DSM's tensVida wins hearts of the industry

Garnet Pidgen, senior vice president of functional foods at DSMDSM has two industry Oscars for its corporate mantle after winning both the NutrAward at SupplyExpo in March and first place in innovation at Healthy Ingredients Europe in January for tensVida (formerly TensGuard). The product's enzyme technology is made from bioactive lactotripeptides to help manage blood pressure.

DSM not only launched this new ingredient, but also a new branded-ingredient campaign for all its life-science products. After years of research the company recognised that consumers trust branded ingredients over generic for specific health conditions. Functional Ingredients spoke with Garnet Pigden, senior vice president for functional foods at DSM, to get his take on TensVida's early success.

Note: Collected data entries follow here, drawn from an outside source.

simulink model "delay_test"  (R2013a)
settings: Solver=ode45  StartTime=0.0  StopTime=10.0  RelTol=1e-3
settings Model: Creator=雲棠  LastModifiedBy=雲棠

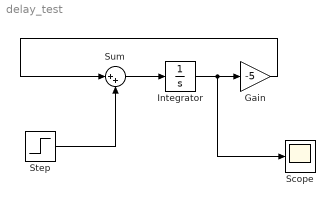
== system delay_test ==
  Gain : Gain  Gain=-5
  Integrator : Integrator  InitialCondition=-2
  Scope : Scope
  Step : Step  SampleTime=0
  Sum : Sum  Inputs=|++
  wires:
  Step/1 -> Sum/2
  Gain/1 -> Sum/1
  Sum/1 -> Integrator/1
  Integrator/1 -> Scope/1, Gain/1
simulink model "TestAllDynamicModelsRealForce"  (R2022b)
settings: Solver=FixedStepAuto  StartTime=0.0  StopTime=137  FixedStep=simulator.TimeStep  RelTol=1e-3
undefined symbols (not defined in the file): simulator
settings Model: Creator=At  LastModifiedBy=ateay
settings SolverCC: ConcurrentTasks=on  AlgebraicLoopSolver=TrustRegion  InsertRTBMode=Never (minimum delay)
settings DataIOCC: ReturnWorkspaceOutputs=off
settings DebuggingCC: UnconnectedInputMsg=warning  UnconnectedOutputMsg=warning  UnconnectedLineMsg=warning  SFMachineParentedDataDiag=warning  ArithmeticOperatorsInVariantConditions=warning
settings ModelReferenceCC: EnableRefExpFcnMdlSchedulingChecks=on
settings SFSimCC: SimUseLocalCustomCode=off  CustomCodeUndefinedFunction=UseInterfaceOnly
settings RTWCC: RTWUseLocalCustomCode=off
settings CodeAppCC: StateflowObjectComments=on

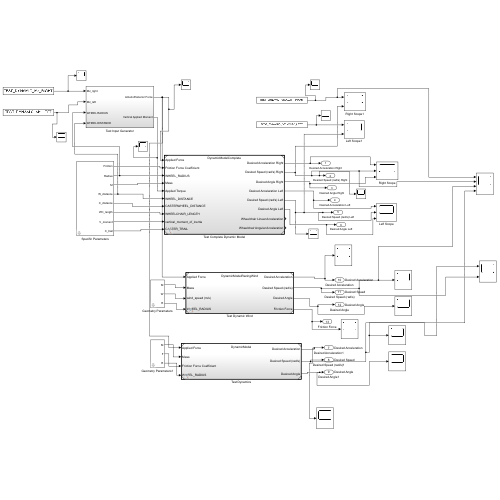
[thumbnail: Simulink's stored preview of the top-level diagram]
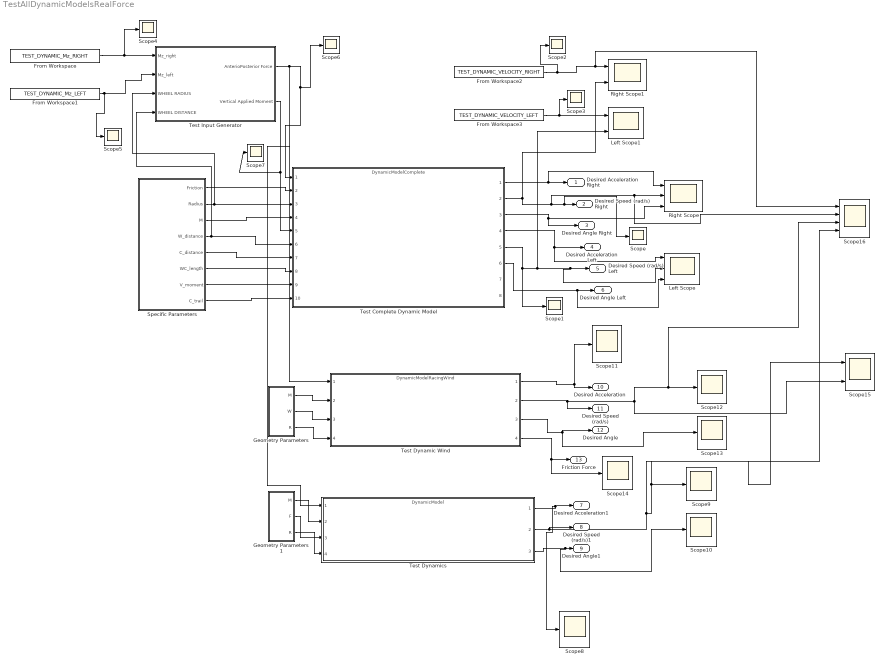
== system TestAllDynamicModelsRealForce ==
  From Workspace : FromWorkspace  VariableName=TEST_DYNAMIC_Mz_RIGHT
  From Workspace1 : FromWorkspace  VariableName=TEST_DYNAMIC_Mz_LEFT
  From Workspace2 : FromWorkspace  VariableName=TEST_DYNAMIC_VELOCITY_RIGHT
  From Workspace3 : FromWorkspace  VariableName=TEST_DYNAMIC_VELOCITY_LEFT
  Geometry Parameters : Subsystem  mask{M=simulator.Sim.Dynamics.Mass, W=simulator.Sim.Dynamics.wind_speed, rR=simulator.Constants.WHEEL_RADIUS}
      mask prompts: M "Mass"; W "Wind"; rR "Radius"
      mask TypeOptions M: Mass/Value
      mask TypeOptions rR: rR/Value
  Geometry Parameters1 : Subsystem  mask{M=simulator.Sim.Dynamics.Mass, F=simulator.Sim.Dynamics.Friction.Coefficient, rR=simulator.Constants.WHEEL_RADIUS}
      mask prompts: M "Mass"; F "Friction"; rR "Radius"
      mask TypeOptions M: Mass/Value
      mask TypeOptions F: Friction/Value
      mask TypeOptions rR: rR/Value
  Left Scope : Scope  NumInputPorts=3
  Left Scope1 : Scope  NumInputPorts=2
  Right Scope : Scope  NumInputPorts=3
  Right Scope1 : Scope  NumInputPorts=2
  Scope{,1..14} (15 alike) : Scope
  Scope15 : Scope  NumInputPorts=2
  Scope16 : Scope  NumInputPorts=4
  Specific Parameters : Subsystem  mask{Friction=simulator.Sim.Dynamics.Friction.Coefficient, Radius=simulator.Constants.WHEEL_RADIUS, M=simulator.Sim.Dynamics.Mass, W_distance=simulator.Constants.WHEEL_DISTANCE, C_distance=simulator.Constants.CASTERWHEEL_DISTANCE, WC_length=simulator.Constants.WHEELCHAIR_LENGTH, V_moment=simulator.Sim.Dynamics.vertical_moment_of_inertia, C_trail=simulator.Constants.CASTER_TRAIL}
      mask prompts: Friction "Friction Force Coefficient"; Radius "WHEEL_RADIUS"; M "Mass"; W_distance "WHEEL_DISTANCE"; C_distance "CASTERWHEEL_DISTANCE"; WC_length "WHEELCHAIR_LENGTH"; V_moment "vertical_moment_of_inertia"; C_trail "CASTER_TRAIL"
  Test Complete Dynamic Model : ModelReference  ModelNameDialog=DynamicModelComplete.slx  SimulationMode=Normal  ModelReferenceVersion=13.2
  Test Dynamic Wind : ModelReference  ModelNameDialog=DynamicModelRacingWind.slx  SimulationMode=Normal  ModelReferenceVersion=1.17
  "Test Dynamics " : ModelReference  ModelNameDialog=DynamicModel.slx  SimulationMode=Normal  ModelReferenceVersion=1.2
  Test Input Generator : Subsystem
  Desired Acceleration Right : Outport
  Desired Speed (rad/s) Right : Outport  Port=2
  Desired Angle Right : Outport  Port=3
  Desired Acceleration Left : Outport  Port=4
  Desired Speed (rad/s) Left : Outport  Port=5
  Desired Angle Left : Outport  Port=6
  Desired Acceleration1 : Outport  Port=7  SignalName=Desired Acceleration
  Desired Speed (rad/s)1 : Outport  Port=8  SignalName=Desired Speed
  Desired Angle1 : Outport  Port=9  SignalName=Desired Angle
  Desired Acceleration : Outport  Port=10  SignalName=Desired Acceleration
  Desired Speed (rad/s) : Outport  Port=11  SignalName=Desired Speed
  Desired Angle : Outport  Port=12  SignalName=Desired Angle
  Friction Force : Outport  Port=13
  wires:
  Test Complete Dynamic Model/1 -> Right Scope/1, Desired Acceleration Right/1
  Test Complete Dynamic Model/2 -> Scope16/2, Right Scope/2, Scope/1, Desired Speed (rad/s) Right/1, Right Scope1/2
  Test Complete Dynamic Model/3 -> Desired Angle Right/1, Right Scope/3
  Test Complete Dynamic Model/5 -> Scope1/1, Left Scope1/2, Left Scope/2, Desired Speed (rad/s) Left/1
  Test Complete Dynamic Model/4 -> Left Scope/1, Desired Acceleration Left/1
  Test Complete Dynamic Model/6 -> Left Scope/3, Desired Angle Left/1
  Specific Parameters/1(Friction) -> Test Complete Dynamic Model/2
  Specific Parameters/2(Radius) -> Test Input Generator/3(WHEEL RADIUS), Test Complete Dynamic Model/3
  Specific Parameters/3(M) -> Test Complete Dynamic Model/4
  Specific Parameters/4(W_distance) -> Test Input Generator/4(WHEEL DISTANCE), Test Complete Dynamic Model/6
  Specific Parameters/5(C_distance) -> Test Complete Dynamic Model/7
  Specific Parameters/6(WC_length) -> Test Complete Dynamic Model/8
  Specific Parameters/7(V_moment) -> Test Complete Dynamic Model/9
  Specific Parameters/8(C_trail) -> Test Complete Dynamic Model/10
  Test Input Generator/1(AnterioPosterior Force) -> "Test Dynamics "/1, Scope6/1, Test Complete Dynamic Model/1, Test Dynamic Wind/1
  Test Input Generator/2(Vertical Applied Moment) -> Scope7/1, Test Complete Dynamic Model/5
  From Workspace/1 -> Scope4/1, Test Input Generator/1(Mz_right)
  From Workspace1/1 -> Scope5/1, Test Input Generator/2(Mz_left)
  From Workspace2/1 -> Scope2/1, Scope16/1, Right Scope1/1
  From Workspace3/1 -> Scope3/1, Left Scope1/1
  Geometry Parameters/1(M) -> Test Dynamic Wind/2
  Geometry Parameters/2(W) -> Test Dynamic Wind/3
  Geometry Parameters/3(R) -> Test Dynamic Wind/4
  Geometry Parameters1/1(M) -> "Test Dynamics "/2
  Geometry Parameters1/2(F) -> "Test Dynamics "/3
  Geometry Parameters1/3(R) -> "Test Dynamics "/4
  "Test Dynamics "/2 -> Desired Speed (rad/s)1/1, Scope16/4, Scope15/1, Scope9/1
  "Test Dynamics "/1 -> Desired Acceleration1/1, Scope8/1
  Test Dynamic Wind/3 -> Desired Angle/1, Scope13/1
  Test Dynamic Wind/2 -> Desired Speed (rad/s)/1, Scope15/2, Scope16/3, Scope12/1
  Test Dynamic Wind/1 -> Desired Acceleration/1, Scope11/1
  Test Dynamic Wind/4 -> Scope14/1, Friction Force/1
  "Test Dynamics "/3 -> Scope10/1, Desired Angle1/1

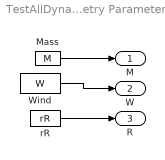
== system TestAllDynamicModelsRealForce/Geometry Parameters ==
  Mass : Constant  Value=M
  Wind : Constant  Value=W
  rR : Constant  Value=rR
  M : Outport
  W : Outport  Port=2
  R : Outport  Port=3
  wires:
  Wind/1 -> W/1
  Mass/1 -> M/1
  rR/1 -> R/1

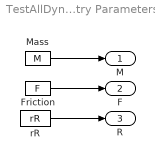
== system TestAllDynamicModelsRealForce/Geometry Parameters1 ==
  Friction : Constant  Value=F
  Mass : Constant  Value=M
  rR : Constant  Value=rR
  M : Outport
  F : Outport  Port=2
  R : Outport  Port=3
  wires:
  Friction/1 -> F/1
  Mass/1 -> M/1
  rR/1 -> R/1

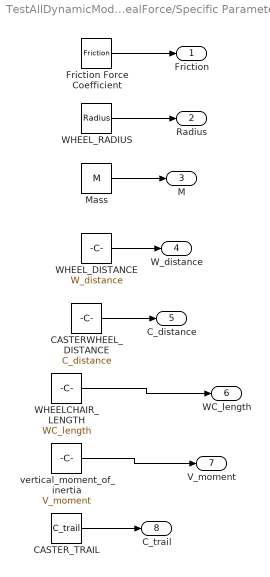
== system TestAllDynamicModelsRealForce/Specific Parameters ==
  CASTERWHEEL_DISTANCE : Constant  Value=C_distance
  CASTER_TRAIL : Constant  Value=C_trail
  Friction Force Coefficient : Constant  Value=Friction
  Mass : Constant  Value=M
  WHEELCHAIR_LENGTH : Constant  Value=WC_length
  WHEEL_DISTANCE : Constant  Value=W_distance
  WHEEL_RADIUS : Constant  Value=Radius
  vertical_moment_of_inertia : Constant  Value=V_moment
  Friction : Outport
  Radius : Outport  Port=2
  M : Outport  Port=3
  W_distance : Outport  Port=4
  C_distance : Outport  Port=5
  WC_length : Outport  Port=6
  V_moment : Outport  Port=7
  C_trail : Outport  Port=8
  wires:
  WHEEL_RADIUS/1 -> Radius/1
  Friction Force Coefficient/1 -> Friction/1
  Mass/1 -> M/1
  CASTERWHEEL_DISTANCE/1 -> C_distance/1
  WHEEL_DISTANCE/1 -> W_distance/1
  WHEELCHAIR_LENGTH/1 -> WC_length/1
  CASTER_TRAIL/1 -> C_trail/1
  vertical_moment_of_inertia/1 -> V_moment/1

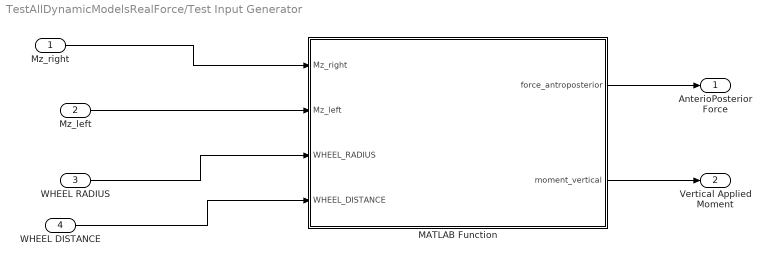
== system TestAllDynamicModelsRealForce/Test Input Generator ==
  Mz_right : Inport
  Mz_left : Inport  Port=2
  WHEEL RADIUS : Inport  Port=3
  WHEEL DISTANCE : Inport  Port=4
  MATLAB Function : MATLAB Function  TreatAsAtomicUnit=on
  AnterioPosterior Force : Outport
  Vertical Applied Moment : Outport  Port=2
  wires:
  Mz_right/1 -> MATLAB Function/1(Mz_right)
  Mz_left/1 -> MATLAB Function/2(Mz_left)
  WHEEL RADIUS/1 -> MATLAB Function/3(WHEEL_RADIUS)
  WHEEL DISTANCE/1 -> MATLAB Function/4(WHEEL_DISTANCE)
  MATLAB Function/1(force_antroposterior) -> AnterioPosterior Force/1
  MATLAB Function/2(moment_vertical) -> Vertical Applied Moment/1

== matlab function TestAllDynamicModelsRealForce/Test Input Generator/MATLAB Function ==
  data: Mz_right input; Mz_left input; WHEEL_RADIUS input; force_antroposterior output; WHEEL_DISTANCE input; moment_vertical output
function [force_antroposterior,moment_vertical]=Force_Conversion(Mz_right, Mz_left,WHEEL_RADIUS,WHEEL_DISTANCE)

%% This function estimates the force and moment applied at the position of installed force cell,...
...based on the moment applied on the right and left instrumented wheels
    
force_antroposterior=(Mz_right/WHEEL_RADIUS)+(Mz_left/WHEEL_RADIUS);
moment_vertical=((Mz_left/WHEEL_RADIUS)-(Mz_right/WHEEL_RADIUS))*(WHEEL_DISTANCE/2);

Q: TensVida has now won two highly regarded awards at Healthy Ingredients Europe and SupplyExpo. What precipitated your development of this product?

GP: At DSM, we recognised that there are a number of ingredients that target heart health and cholesterol reduction, namely plant sterols and soy protein. But there were very few products that reduced blood pressure. TensVida is a way to address an unmet and growing need in heart health, particularly as blood-pressure management becomes an increasing issue with ageing populations and global obesity.

Scientifically, our company has deep insights into enzyme technology and how these enzymes impact protein strains, particularly in our beverage, bakery and dairy applications. That knowledge helped us better understand that bio-active peptides could reduce blood pressure in adults. The beauty of tensVida is that in no way does it take blood pressure levels below a normal state, which means that an entire family can use the product without risk. It is well documented that a two-to-five-point reduction in blood pressure can result in a 17 per cent decrease in hypertension, and a 14 per cent decline in stroke risk.

Q: So often products are introduced in this industry with limited marketing research behind them and as a result companies struggle with industry visibility and consumer awareness. What did you learn about consumers' need for tensVida before product development and launch?

GP: My background has been primarily in consumer packaged goods marketing. Other than a brief stint in leading a dot.com, which turned in to a dot.bomb, I have spent most of my career understanding what consumers want from healthier food products such as Frito Lay's SunChips and ConAgra's Healthy Choice. When I moved into the B2B world with Dupont's Solae soy-protein brand, I brought a number of disciplines from the B2C world. These helped the company to better understand consumers and create stronger value propositions. This same approach is being used at DSM and we found that in the UK and the US, consumers found that the messaging behind tensVida for promoting healthy blood pressure to be very appealing. In fact, the quantitative purchase-intent scores were equal to Europe's leading probiotic yoghurt brand. This was strong evidence that we were headed in the right direction. This consumer data-driven discipline is something that we are using for all of DSM's ingredient brands. We have surveyed more than 25,000 consumers across 17 countries and now know which ingredients, applications and health benefits have the greatest appeal.